Ganz Rußland will den Mann sterben sehen, der in ein
bulgarisches Kloster fliehen wollte, wenn er überhaupt
ein Ziel dieser Reise wußte. Journalisten und Photographen
belagern das Sterbehaus, ein Bischof versucht die Seele
oder wenigstens den Namen Tolstojs für die Kirche zu
retten. Der Staat läßt alle Stationen besetzen, die der Zug
mit der Leiche berühren wird, und teilt scharfe Patronen
aus, um Unruhen vorzubeugen. Bauern beten an seinem
Grabe, wie sie später an dem von Lenin beten.
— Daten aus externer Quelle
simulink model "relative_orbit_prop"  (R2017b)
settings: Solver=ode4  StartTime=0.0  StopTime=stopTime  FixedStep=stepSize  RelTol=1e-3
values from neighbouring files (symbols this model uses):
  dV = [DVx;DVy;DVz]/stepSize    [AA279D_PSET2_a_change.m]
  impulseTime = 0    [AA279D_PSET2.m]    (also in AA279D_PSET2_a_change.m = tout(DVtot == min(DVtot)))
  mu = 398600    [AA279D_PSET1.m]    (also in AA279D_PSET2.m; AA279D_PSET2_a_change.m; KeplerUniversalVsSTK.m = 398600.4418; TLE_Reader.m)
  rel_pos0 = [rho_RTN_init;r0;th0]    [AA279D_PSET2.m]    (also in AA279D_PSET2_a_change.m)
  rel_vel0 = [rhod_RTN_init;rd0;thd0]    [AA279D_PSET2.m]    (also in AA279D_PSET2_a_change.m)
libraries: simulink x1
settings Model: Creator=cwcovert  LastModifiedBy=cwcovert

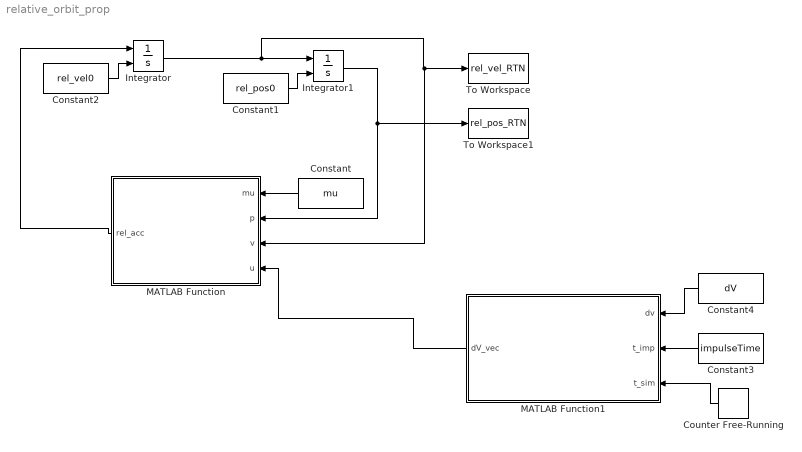
== system relative_orbit_prop ==
  Constant : Constant  Value=mu
  Constant1 : Constant  Value=rel_pos0
  Constant2 : Constant  Value=rel_vel0
  Constant3 : Constant  Value=impulseTime
  Constant4 : Constant  Value=dV
  Counter Free-Running : simulink/Sources/Counter Free-Running  NumBits=16  tsamp=stepSize
  Integrator : Integrator  InitialConditionSource=external
  Integrator1 : Integrator  InitialConditionSource=external
  MATLAB Function : MATLAB Function  TreatAsAtomicUnit=on
  MATLAB Function1 : MATLAB Function  TreatAsAtomicUnit=on
  To Workspace : ToWorkspace  VariableName=rel_vel_RTN  SampleTime=-1
  To Workspace1 : ToWorkspace  VariableName=rel_pos_RTN  SampleTime=-1
  wires:
  Constant/1 -> MATLAB Function/1(mu)
  MATLAB Function/1(rel_acc) -> Integrator/1
  Constant2/1 -> Integrator/2
  Constant1/1 -> Integrator1/2
  Integrator1/1 -> To Workspace1/1, MATLAB Function/2(p)
  Integrator/1 -> MATLAB Function/3(v), To Workspace/1, Integrator1/1
  Counter Free-Running/1 -> MATLAB Function1/3(t_sim)
  Constant4/1 -> MATLAB Function1/1(dv)
  Constant3/1 -> MATLAB Function1/2(t_imp)
  MATLAB Function1/1(dV_vec) -> MATLAB Function/4(u)

== matlab function relative_orbit_prop/MATLAB Function1 ==
  data: dv input; dV_vec output; t_imp input; t_sim input
function dV_vec = impulse_man(dv,t_imp,t_sim)

if(t_sim == t_imp)
    dV_vec = [dv(1);dv(2);dv(3);0;0];
else
    dV_vec = [0;0;0;0;0];
end

== matlab function relative_orbit_prop/MATLAB Function ==
  data: mu input; rel_acc output; p input; v input; u input
function rel_acc  = rel_accel(mu,p,v,u)

denom = ((p(4)+p(1))^2 + p(2)^2 + p(3)^2)^(3/2);

rdd = p(4)*v(5)^2 - mu/(p(4)^2)+u(4); %
thdd = -2*v(4)*v(5)/p(4)+u(5);
xdd = 2*v(5)*v(2) + thdd*p(2) + v(5)^2*p(1) -...
    (mu*(p(4)+p(1)))/denom + mu/(p(4)^2)+u(1);
ydd = -2*v(5)*v(1) - thdd*p(1) + v(5)^2*p(2) -...
    (mu*p(2))/denom+u(2);
zdd = -(mu*p(3))/denom+u(3);

rel_acc = [xdd,ydd,zdd,rdd,thdd];

end

Es ist eine
merkwürdige Pilgerschaft eines Sterbenden, mit Ärzten
und Advokaten, mit verheimlichten Testamenten, mit
Intrige und Eifersucht, mit viel Familienmisere, es ist
eine Legende nicht ohne groteske Züge, weil auch an
diesem Bekenner noch soviel von der gehaßten Zivilisation
hängt. Groß ist seine Aufrichtigkeit, erschütternd die
Menschlichkeit, die ihn noch mit soviel Rücksichten
bindet, so daß die Flucht aus der Welt ihm erst gelingt,
da sie sich als die wahre, die unwiderrufliche beweist.